Up the hill, past trimmed privet hedges and rows of interwar semis is Bentilee neighbourhood centre. Opened last year, the £10m building has panoramic views of Stoke-on-Trent and sparkles in the sun. At its front is a bustling butcher, baker and small supermarket. Behind is a library, doctor’s surgery, dentist, community centre, youth service and “one-stop shop” for every kind of environmental and housing inquiry. Without the Labour-led city council and its private finance initiative-funded project, the Bentilee estate would still have its shabby old shopping precinct. But this glittering building, the new nursery down the road, immaculate streets and a 39% fall in crime on the estate do not fill many residents with joy and appreciation.

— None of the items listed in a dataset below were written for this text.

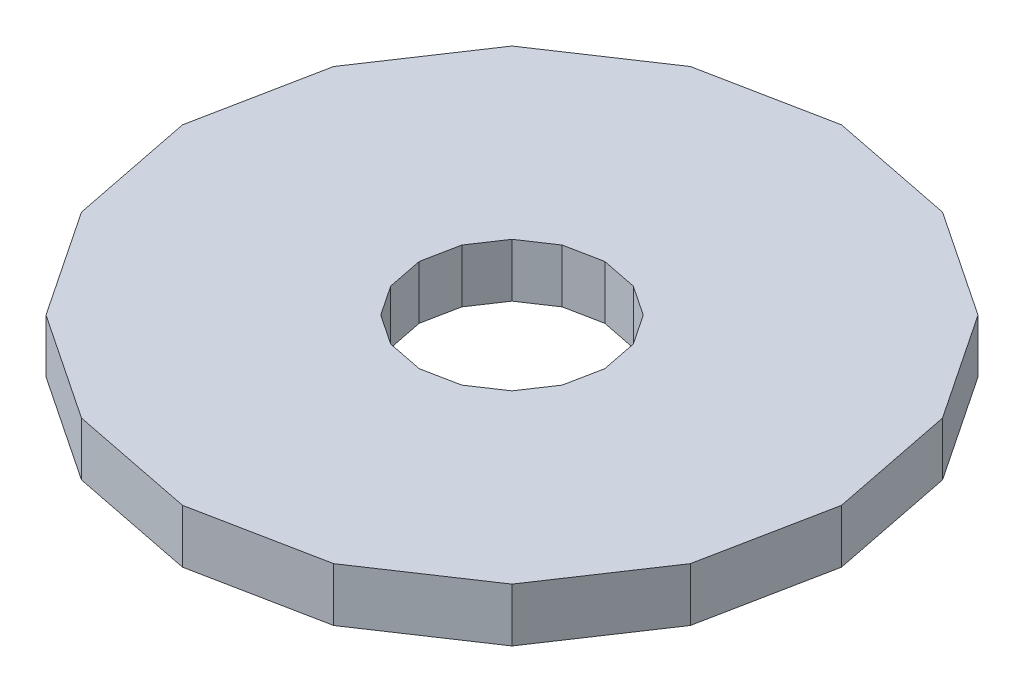
ISO-10303-21;
HEADER;
FILE_DESCRIPTION(('STEP AP214'),'2;1');
FILE_NAME('part.step','',(''),(''),'','','');
FILE_SCHEMA(('AUTOMOTIVE_DESIGN { 1 0 10303 214 1 1 1 1 }'));
ENDSEC;
DATA;
#1=APPLICATION_CONTEXT('core data for automotive mechanical design processes');
#2=APPLICATION_PROTOCOL_DEFINITION('international standard','automotive_design',2000,#1);
#3=PRODUCT_CONTEXT('',#1,'mechanical');
#4=PRODUCT('Part','Part','',(#3));
#5=PRODUCT_RELATED_PRODUCT_CATEGORY('part','',(#4));
#6=PRODUCT_DEFINITION_FORMATION('','',#4);
#7=PRODUCT_DEFINITION_CONTEXT('part definition',#1,'design');
#8=PRODUCT_DEFINITION('design','',#6,#7);
#9=PRODUCT_DEFINITION_SHAPE('','',#8);
#10=(LENGTH_UNIT() NAMED_UNIT(*) SI_UNIT(.MILLI.,.METRE.));
#11=(NAMED_UNIT(*) PLANE_ANGLE_UNIT() SI_UNIT($,.RADIAN.));
#12=(NAMED_UNIT(*) SI_UNIT($,.STERADIAN.) SOLID_ANGLE_UNIT());
#13=UNCERTAINTY_MEASURE_WITH_UNIT(LENGTH_MEASURE(1.E-05),#10,'distance_accuracy_value','');
#14=(GEOMETRIC_REPRESENTATION_CONTEXT(3) GLOBAL_UNCERTAINTY_ASSIGNED_CONTEXT((#13)) GLOBAL_UNIT_ASSIGNED_CONTEXT((#10,
#11,#12)) REPRESENTATION_CONTEXT('',''));
#15=CARTESIAN_POINT('',(0.,0.,0.));
#16=DIRECTION('',(0.,0.,1.));
#17=DIRECTION('',(1.,0.,0.));
#18=AXIS2_PLACEMENT_3D('',#15,#16,#17);
#19=CARTESIAN_POINT('',(0.,19.05,0.));
#20=DIRECTION('',(0.,1.,0.));
#21=DIRECTION('',(0.,0.,1.));
#22=AXIS2_PLACEMENT_3D('',#19,#20,#21);
#23=PLANE('',#22);
#24=DIRECTION('',(0.195090322016117,0.,-0.980785280403233));
#25=VECTOR('',#24,1.);
#26=CARTESIAN_POINT('',(108.256964748165,19.05,44.8415030200345));
#27=LINE('',#26,#25);
#28=CARTESIAN_POINT('',(108.256964748165,19.05,44.8415030200345));
#29=VERTEX_POINT('',#28);
#30=CARTESIAN_POINT('',(117.176494270742,19.05,-1.33573715514302E-12));
#31=VERTEX_POINT('',#30);
#32=EDGE_CURVE('E386',#29,#31,#27,.T.);
#33=ORIENTED_EDGE('',*,*,#32,.T.);
#34=DIRECTION('',(-0.195090322016139,0.,-0.980785280403228));
#35=VECTOR('',#34,1.);
#36=CARTESIAN_POINT('',(117.176494270742,19.05,-1.33573715514302E-12));
#37=LINE('',#36,#35);
#38=CARTESIAN_POINT('',(108.256964748164,19.05,-44.8415030200369));
#39=VERTEX_POINT('',#38);
#40=EDGE_CURVE('E390',#31,#39,#37,.T.);
#41=ORIENTED_EDGE('',*,*,#40,.T.);
#42=DIRECTION('',(-0.555570233019612,0.,-0.831469612302539));
#43=VECTOR('',#42,1.);
#44=CARTESIAN_POINT('',(108.256964748164,19.05,-44.8415030200369));
#45=LINE('',#44,#43);
#46=CARTESIAN_POINT('',(82.8562936945071,19.05,-82.856293694509));
#47=VERTEX_POINT('',#46);
#48=EDGE_CURVE('E394',#39,#47,#45,.T.);
#49=ORIENTED_EDGE('',*,*,#48,.T.);
#50=DIRECTION('',(-0.831469612302552,0.,-0.555570233019593));
#51=VECTOR('',#50,1.);
#52=CARTESIAN_POINT('',(82.8562936945071,19.05,-82.856293694509));
#53=LINE('',#52,#51);
#54=CARTESIAN_POINT('',(44.8415030200344,19.05,-108.256964748165));
#55=VERTEX_POINT('',#54);
#56=EDGE_CURVE('E396',#47,#55,#53,.T.);
#57=ORIENTED_EDGE('',*,*,#56,.T.);
#58=DIRECTION('',(-0.980785280403233,0.,-0.195090322016117));
#59=VECTOR('',#58,1.);
#60=CARTESIAN_POINT('',(44.8415030200344,19.05,-108.256964748165));
#61=LINE('',#60,#59);
#62=CARTESIAN_POINT('',(-1.38979967101952E-12,19.05,-117.176494270742));
#63=VERTEX_POINT('',#62);
#64=EDGE_CURVE('E399',#55,#63,#61,.T.);
#65=ORIENTED_EDGE('',*,*,#64,.T.);
#66=DIRECTION('',(-0.980785280403228,0.,0.195090322016139));
#67=VECTOR('',#66,1.);
#68=CARTESIAN_POINT('',(-1.38979967101952E-12,19.05,-117.176494270742));
#69=LINE('',#68,#67);
#70=CARTESIAN_POINT('',(-44.8415030200369,19.05,-108.256964748164));
#71=VERTEX_POINT('',#70);
#72=EDGE_CURVE('E401',#63,#71,#69,.T.);
#73=ORIENTED_EDGE('',*,*,#72,.T.);
#74=DIRECTION('',(-0.831469612302539,0.,0.555570233019612));
#75=VECTOR('',#74,1.);
#76=CARTESIAN_POINT('',(-44.8415030200369,19.05,-108.256964748164));
#77=LINE('',#76,#75);
#78=CARTESIAN_POINT('',(-82.856293694509,19.05,-82.8562936945071));
#79=VERTEX_POINT('',#78);
#80=EDGE_CURVE('E403',#71,#79,#77,.T.);
#81=ORIENTED_EDGE('',*,*,#80,.T.);
#82=DIRECTION('',(-0.555570233019593,0.,0.831469612302552));
#83=VECTOR('',#82,1.);
#84=CARTESIAN_POINT('',(-82.856293694509,19.05,-82.8562936945071));
#85=LINE('',#84,#83);
#86=CARTESIAN_POINT('',(-108.256964748165,19.05,-44.8415030200344));
#87=VERTEX_POINT('',#86);
#88=EDGE_CURVE('E405',#79,#87,#85,.T.);
#89=ORIENTED_EDGE('',*,*,#88,.T.);
#90=DIRECTION('',(-0.195090322016117,0.,0.980785280403233));
#91=VECTOR('',#90,1.);
#92=CARTESIAN_POINT('',(-108.256964748165,19.05,-44.8415030200344));
#93=LINE('',#92,#91);
#94=CARTESIAN_POINT('',(-117.176494270742,19.05,1.34356038253179E-12));
#95=VERTEX_POINT('',#94);
#96=EDGE_CURVE('E407',#87,#95,#93,.T.);
#97=ORIENTED_EDGE('',*,*,#96,.T.);
#98=DIRECTION('',(0.195090322016139,0.,0.980785280403228));
#99=VECTOR('',#98,1.);
#100=CARTESIAN_POINT('',(-117.176494270742,19.05,1.34356038253179E-12));
#101=LINE('',#100,#99);
#102=CARTESIAN_POINT('',(-108.256964748164,19.05,44.8415030200369));
#103=VERTEX_POINT('',#102);
#104=EDGE_CURVE('E410',#95,#103,#101,.T.);
#105=ORIENTED_EDGE('',*,*,#104,.T.);
#106=DIRECTION('',(0.555570233019612,0.,0.831469612302539));
#107=VECTOR('',#106,1.);
#108=CARTESIAN_POINT('',(-108.256964748164,19.05,44.8415030200369));
#109=LINE('',#108,#107);
#110=CARTESIAN_POINT('',(-82.8562936945071,19.05,82.856293694509));
#111=VERTEX_POINT('',#110);
#112=EDGE_CURVE('E413',#103,#111,#109,.T.);
#113=ORIENTED_EDGE('',*,*,#112,.T.);
#114=DIRECTION('',(0.831469612302552,0.,0.555570233019593));
#115=VECTOR('',#114,1.);
#116=CARTESIAN_POINT('',(-82.8562936945071,19.05,82.856293694509));
#117=LINE('',#116,#115);
#118=CARTESIAN_POINT('',(-44.8415030200344,19.05,108.256964748165));
#119=VERTEX_POINT('',#118);
#120=EDGE_CURVE('E415',#111,#119,#117,.T.);
#121=ORIENTED_EDGE('',*,*,#120,.T.);
#122=DIRECTION('',(0.980785280403233,0.,0.195090322016117));
#123=VECTOR('',#122,1.);
#124=CARTESIAN_POINT('',(-44.8415030200344,19.05,108.256964748165));
#125=LINE('',#124,#123);
#126=CARTESIAN_POINT('',(1.33354802444616E-12,19.05,117.176494270742));
#127=VERTEX_POINT('',#126);
#128=EDGE_CURVE('E417',#119,#127,#125,.T.);
#129=ORIENTED_EDGE('',*,*,#128,.T.);
#130=DIRECTION('',(0.980785280403228,0.,-0.195090322016139));
#131=VECTOR('',#130,1.);
#132=CARTESIAN_POINT('',(1.33354802444616E-12,19.05,117.176494270742));
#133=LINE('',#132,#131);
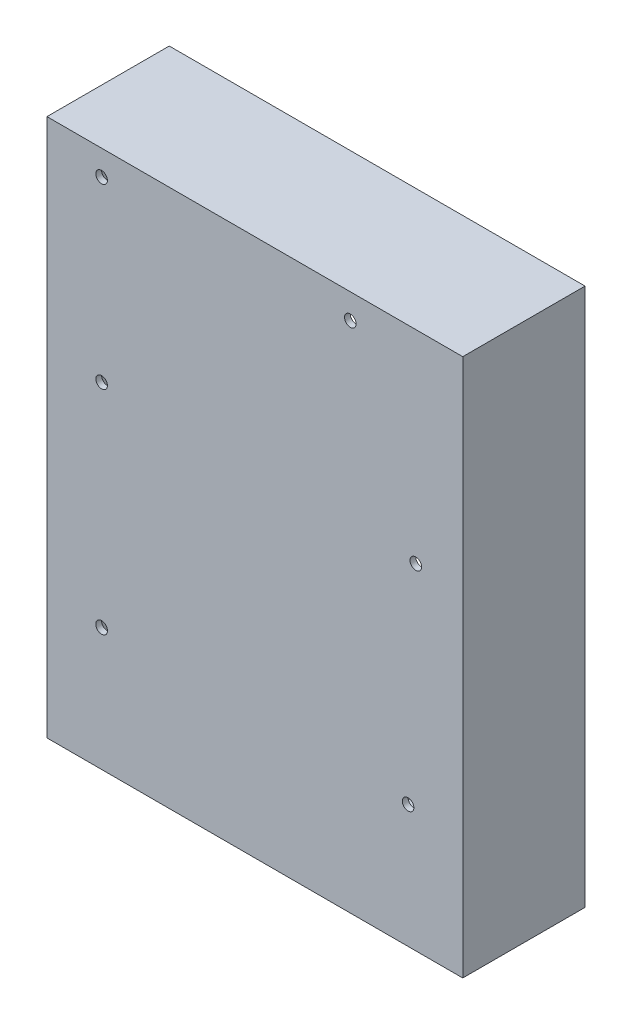
ISO-10303-21;
HEADER;
FILE_DESCRIPTION(('STEP AP214'),'2;1');
FILE_NAME('part.step','',(''),(''),'','','');
FILE_SCHEMA(('AUTOMOTIVE_DESIGN { 1 0 10303 214 1 1 1 1 }'));
ENDSEC;
DATA;
#1=APPLICATION_CONTEXT('core data for automotive mechanical design processes');
#2=APPLICATION_PROTOCOL_DEFINITION('international standard','automotive_design',2000,#1);
#3=PRODUCT_CONTEXT('',#1,'mechanical');
#4=PRODUCT('Part','Part','',(#3));
#5=PRODUCT_RELATED_PRODUCT_CATEGORY('part','',(#4));
#6=PRODUCT_DEFINITION_FORMATION('','',#4);
#7=PRODUCT_DEFINITION_CONTEXT('part definition',#1,'design');
#8=PRODUCT_DEFINITION('design','',#6,#7);
#9=PRODUCT_DEFINITION_SHAPE('','',#8);
#10=(LENGTH_UNIT() NAMED_UNIT(*) SI_UNIT(.MILLI.,.METRE.));
#11=(NAMED_UNIT(*) PLANE_ANGLE_UNIT() SI_UNIT($,.RADIAN.));
#12=(NAMED_UNIT(*) SI_UNIT($,.STERADIAN.) SOLID_ANGLE_UNIT());
#13=UNCERTAINTY_MEASURE_WITH_UNIT(LENGTH_MEASURE(1.E-05),#10,'distance_accuracy_value','');
#14=(GEOMETRIC_REPRESENTATION_CONTEXT(3) GLOBAL_UNCERTAINTY_ASSIGNED_CONTEXT((#13)) GLOBAL_UNIT_ASSIGNED_CONTEXT((#10,
#11,#12)) REPRESENTATION_CONTEXT('',''));
#15=CARTESIAN_POINT('',(0.,0.,0.));
#16=DIRECTION('',(0.,0.,1.));
#17=DIRECTION('',(1.,0.,0.));
#18=AXIS2_PLACEMENT_3D('',#15,#16,#17);
#19=CARTESIAN_POINT('',(-118.99799036646,197.340345361075,3.));
#20=DIRECTION('',(1.,0.,0.));
#21=DIRECTION('',(0.,1.,0.));
#22=AXIS2_PLACEMENT_3D('',#19,#20,#21);
#23=PLANE('',#22);
#24=DIRECTION('',(0.,0.,-1.));
#25=VECTOR('',#24,1.);
#26=CARTESIAN_POINT('',(-118.99799036646,197.340345361075,3.));
#27=LINE('',#26,#25);
#28=CARTESIAN_POINT('',(-118.99799036646,197.340345361075,3.));
#29=VERTEX_POINT('',#28);
#30=CARTESIAN_POINT('',(-118.99799036646,197.340345361075,-60.5));
#31=VERTEX_POINT('',#30);
#32=EDGE_CURVE('E154',#29,#31,#27,.T.);
#33=ORIENTED_EDGE('',*,*,#32,.T.);
#34=DIRECTION('',(0.,-1.,0.));
#35=VECTOR('',#34,1.);
#36=CARTESIAN_POINT('',(-118.99799036646,197.340345361075,-60.5));
#37=LINE('',#36,#35);
#38=CARTESIAN_POINT('',(-118.99799036646,-82.0596546389253,-60.5));
#39=VERTEX_POINT('',#38);
#40=EDGE_CURVE('E142',#31,#39,#37,.T.);
#41=ORIENTED_EDGE('',*,*,#40,.T.);
#42=DIRECTION('',(0.,0.,-1.));
#43=VECTOR('',#42,1.);
#44=CARTESIAN_POINT('',(-118.99799036646,-82.0596546389253,3.));
#45=LINE('',#44,#43);
#46=CARTESIAN_POINT('',(-118.99799036646,-82.0596546389253,3.));
#47=VERTEX_POINT('',#46);
#48=EDGE_CURVE('E160',#47,#39,#45,.T.);
#49=ORIENTED_EDGE('',*,*,#48,.F.);
#50=DIRECTION('',(0.,-1.,0.));
#51=VECTOR('',#50,1.);
#52=CARTESIAN_POINT('',(-118.99799036646,197.340345361075,3.));
#53=LINE('',#52,#51);
#54=EDGE_CURVE('E145',#29,#47,#53,.T.);
#55=ORIENTED_EDGE('',*,*,#54,.F.);
#56=EDGE_LOOP('',(#33,#41,#49,#55));
#57=FACE_BOUND('',#56,.T.);
#58=ADVANCED_FACE('F35',(#57),#23,.F.);
#59=CARTESIAN_POINT('',(-118.99799036646,-82.0596546389253,3.));
#60=DIRECTION('',(0.,1.,0.));
#61=DIRECTION('',(0.,0.,1.));
#62=AXIS2_PLACEMENT_3D('',#59,#60,#61);
#63=PLANE('',#62);
#64=ORIENTED_EDGE('',*,*,#48,.T.);
#65=DIRECTION('',(1.,0.,0.));
#66=VECTOR('',#65,1.);
#67=CARTESIAN_POINT('',(-118.99799036646,-82.0596546389253,-60.5));
#68=LINE('',#67,#66);
#69=CARTESIAN_POINT('',(96.9020096335404,-82.0596546389253,-60.5));
#70=VERTEX_POINT('',#69);
#71=EDGE_CURVE('E129',#39,#70,#68,.T.);
#72=ORIENTED_EDGE('',*,*,#71,.T.);
#73=DIRECTION('',(0.,0.,-1.));
#74=VECTOR('',#73,1.);
#75=CARTESIAN_POINT('',(96.9020096335404,-82.0596546389253,3.));
#76=LINE('',#75,#74);
#77=CARTESIAN_POINT('',(96.9020096335404,-82.0596546389253,3.));
#78=VERTEX_POINT('',#77);
#79=EDGE_CURVE('E158',#78,#70,#76,.T.);
#80=ORIENTED_EDGE('',*,*,#79,.F.);
#81=DIRECTION('',(1.,0.,0.));
#82=VECTOR('',#81,1.);
#83=CARTESIAN_POINT('',(-118.99799036646,-82.0596546389253,3.));
#84=LINE('',#83,#82);
#85=EDGE_CURVE('E148',#47,#78,#84,.T.);
#86=ORIENTED_EDGE('',*,*,#85,.F.);
#87=EDGE_LOOP('',(#64,#72,#80,#86));
#88=FACE_BOUND('',#87,.T.);
#89=ADVANCED_FACE('F187',(#88),#63,.F.);
#90=CARTESIAN_POINT('',(96.9020096335403,197.340345361075,3.));
#91=DIRECTION('',(-1.,0.,0.));
#92=DIRECTION('',(0.,-1.,0.));
#93=AXIS2_PLACEMENT_3D('',#90,#91,#92);
#94=PLANE('',#93);
#95=ORIENTED_EDGE('',*,*,#79,.T.);
#96=DIRECTION('',(0.,1.,0.));
#97=VECTOR('',#96,1.);
#98=CARTESIAN_POINT('',(96.9020096335404,-82.0596546389253,-60.5));
#99=LINE('',#98,#97);
#100=CARTESIAN_POINT('',(96.9020096335403,197.340345361075,-60.5));
#101=VERTEX_POINT('',#100);
#102=EDGE_CURVE('E136',#70,#101,#99,.T.);
#103=ORIENTED_EDGE('',*,*,#102,.T.);
#104=DIRECTION('',(0.,0.,-1.));
#105=VECTOR('',#104,1.);
#106=CARTESIAN_POINT('',(96.9020096335403,197.340345361075,3.));
#107=LINE('',#106,#105);
#108=CARTESIAN_POINT('',(96.9020096335403,197.340345361075,3.));
#109=VERTEX_POINT('',#108);
#110=EDGE_CURVE('E156',#109,#101,#107,.T.);
#111=ORIENTED_EDGE('',*,*,#110,.F.);
#112=DIRECTION('',(0.,1.,0.));
#113=VECTOR('',#112,1.);
#114=CARTESIAN_POINT('',(96.9020096335403,197.340345361075,3.));
#115=LINE('',#114,#113);
#116=EDGE_CURVE('E150',#78,#109,#115,.T.);
#117=ORIENTED_EDGE('',*,*,#116,.F.);
#118=EDGE_LOOP('',(#95,#103,#111,#117));
#119=FACE_BOUND('',#118,.T.);
#120=ADVANCED_FACE('F192',(#119),#94,.F.);
#121=CARTESIAN_POINT('',(-118.99799036646,197.340345361075,3.));
#122=DIRECTION('',(0.,-1.,0.));
#123=DIRECTION('',(1.,0.,0.));
#124=AXIS2_PLACEMENT_3D('',#121,#122,#123);
#125=PLANE('',#124);
#126=ORIENTED_EDGE('',*,*,#110,.T.);
#127=DIRECTION('',(-1.,0.,0.));
#128=VECTOR('',#127,1.);
#129=CARTESIAN_POINT('',(96.9020096335403,197.340345361075,-60.5));
#130=LINE('',#129,#128);
#131=EDGE_CURVE('E139',#101,#31,#130,.T.);
#132=ORIENTED_EDGE('',*,*,#131,.T.);
#133=ORIENTED_EDGE('',*,*,#32,.F.);
#134=DIRECTION('',(-1.,0.,0.));
#135=VECTOR('',#134,1.);
#136=CARTESIAN_POINT('',(-118.99799036646,197.340345361075,3.));
#137=LINE('',#136,#135);
#138=EDGE_CURVE('E152',#109,#29,#137,.T.);
#139=ORIENTED_EDGE('',*,*,#138,.F.);
#140=EDGE_LOOP('',(#126,#132,#133,#139));
#141=FACE_BOUND('',#140,.T.);
#142=ADVANCED_FACE('F201',(#141),#125,.F.);
#143=CARTESIAN_POINT('',(0.,0.,3.));
#144=DIRECTION('',(0.,0.,1.));
#145=DIRECTION('',(1.,0.,0.));
#146=AXIS2_PLACEMENT_3D('',#143,#144,#145);
#147=PLANE('',#146);
#148=CARTESIAN_POINT('',(-90.6129903664599,92.0803453610748,3.));
#149=DIRECTION('',(0.,0.,1.));
#150=DIRECTION('',(1.,0.,0.));
#151=AXIS2_PLACEMENT_3D('',#148,#149,#150);
#152=CIRCLE('',#151,2.99999999999999);
#153=CARTESIAN_POINT('',(-87.6129903664599,92.0803453610748,3.));
#154=VERTEX_POINT('',#153);
#155=EDGE_CURVE('E118',#154,#154,#152,.T.);
#156=ORIENTED_EDGE('',*,*,#155,.F.);
#157=EDGE_LOOP('',(#156));
#158=FACE_BOUND('',#157,.T.);
#159=CARTESIAN_POINT('',(68.5170096335401,-18.1796546389251,3.));
#160=DIRECTION('',(0.,0.,1.));
#161=DIRECTION('',(1.,0.,0.));
#162=AXIS2_PLACEMENT_3D('',#159,#160,#161);
#163=CIRCLE('',#162,3.00000000000001);
#164=CARTESIAN_POINT('',(71.5170096335401,-18.1796546389251,3.));
#165=VERTEX_POINT('',#164);
#166=EDGE_CURVE('E121',#165,#165,#163,.T.);
#167=ORIENTED_EDGE('',*,*,#166,.F.);
#168=EDGE_LOOP('',(#167));
#169=FACE_BOUND('',#168,.T.);
#170=CARTESIAN_POINT('',(38.5170096335401,184.340345361075,3.));
#171=DIRECTION('',(0.,0.,1.));
#172=DIRECTION('',(1.,0.,0.));
#173=AXIS2_PLACEMENT_3D('',#170,#171,#172);
#174=CIRCLE('',#173,3.);
#175=CARTESIAN_POINT('',(41.5170096335401,184.340345361075,3.));
#176=VERTEX_POINT('',#175);
#177=EDGE_CURVE('E284',#176,#176,#174,.T.);
#178=ORIENTED_EDGE('',*,*,#177,.F.);
#179=EDGE_LOOP('',(#178));
#180=FACE_BOUND('',#179,.T.);
#181=CARTESIAN_POINT('',(-90.6129903664599,184.340345361075,3.));
#182=DIRECTION('',(0.,0.,1.));
#183=DIRECTION('',(1.,0.,0.));
#184=AXIS2_PLACEMENT_3D('',#181,#182,#183);
#185=CIRCLE('',#184,2.99999999999999);
#186=CARTESIAN_POINT('',(-87.6129903664599,184.340345361075,3.));
#187=VERTEX_POINT('',#186);
#188=EDGE_CURVE('E255',#187,#187,#185,.T.);
#189=ORIENTED_EDGE('',*,*,#188,.F.);
#190=EDGE_LOOP('',(#189));
#191=FACE_BOUND('',#190,.T.);
#192=CARTESIAN_POINT('',(-90.6129903664598,-18.1796546389252,3.));
#193=DIRECTION('',(0.,0.,1.));
#194=DIRECTION('',(1.,0.,0.));
#195=AXIS2_PLACEMENT_3D('',#192,#193,#194);
#196=CIRCLE('',#195,3.04999999999999);
#197=CARTESIAN_POINT('',(-87.5629903664598,-18.1796546389252,3.));
#198=VERTEX_POINT('',#197);
#199=EDGE_CURVE('E280',#198,#198,#196,.T.);
#200=ORIENTED_EDGE('',*,*,#199,.F.);
#201=EDGE_LOOP('',(#200));
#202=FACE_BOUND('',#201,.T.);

“They haven’t just let me down. They’ve broken my heart,” says John Oldcroft, sitting outside the centre. “Stoke-on-Trent has been Labour for 60-odd years and they’ve taken everything for granted. Labour are just turning into Conservatives. We’ve got a local BNP lad who lives on the estate and he came and had a word.”
Oldcroft voted for the BNP this month, and the far-right party now has nine representatives on Stoke-on-Trent council, including all three representatives elected from Bentilee’s ward. Three gains in the May election gave the BNP their second largest council group in the country, after Barking and Dagenham’s 12 councillors. Stoke City’s promotion to the football Premier League has spread a feelgood factor across the city but there is also foreboding: it is not just the BNP talking up its prospects of power. Labour activists fear the BNP is now the strongest single party in Stoke. On May 1, Labour polled 14,000 votes in 20 seats; the BNP polled almost 8,000 standing in just 10 seats. A minority Labour administration struggles on; the council chamber is fragmented by independents and neither the Conservatives nor the Liberal Democrats are bigger than the BNP. Senior local politicians, commentators and residents believe this city of 250,000 could be controlled by the BNP within three years. How has Stoke got here?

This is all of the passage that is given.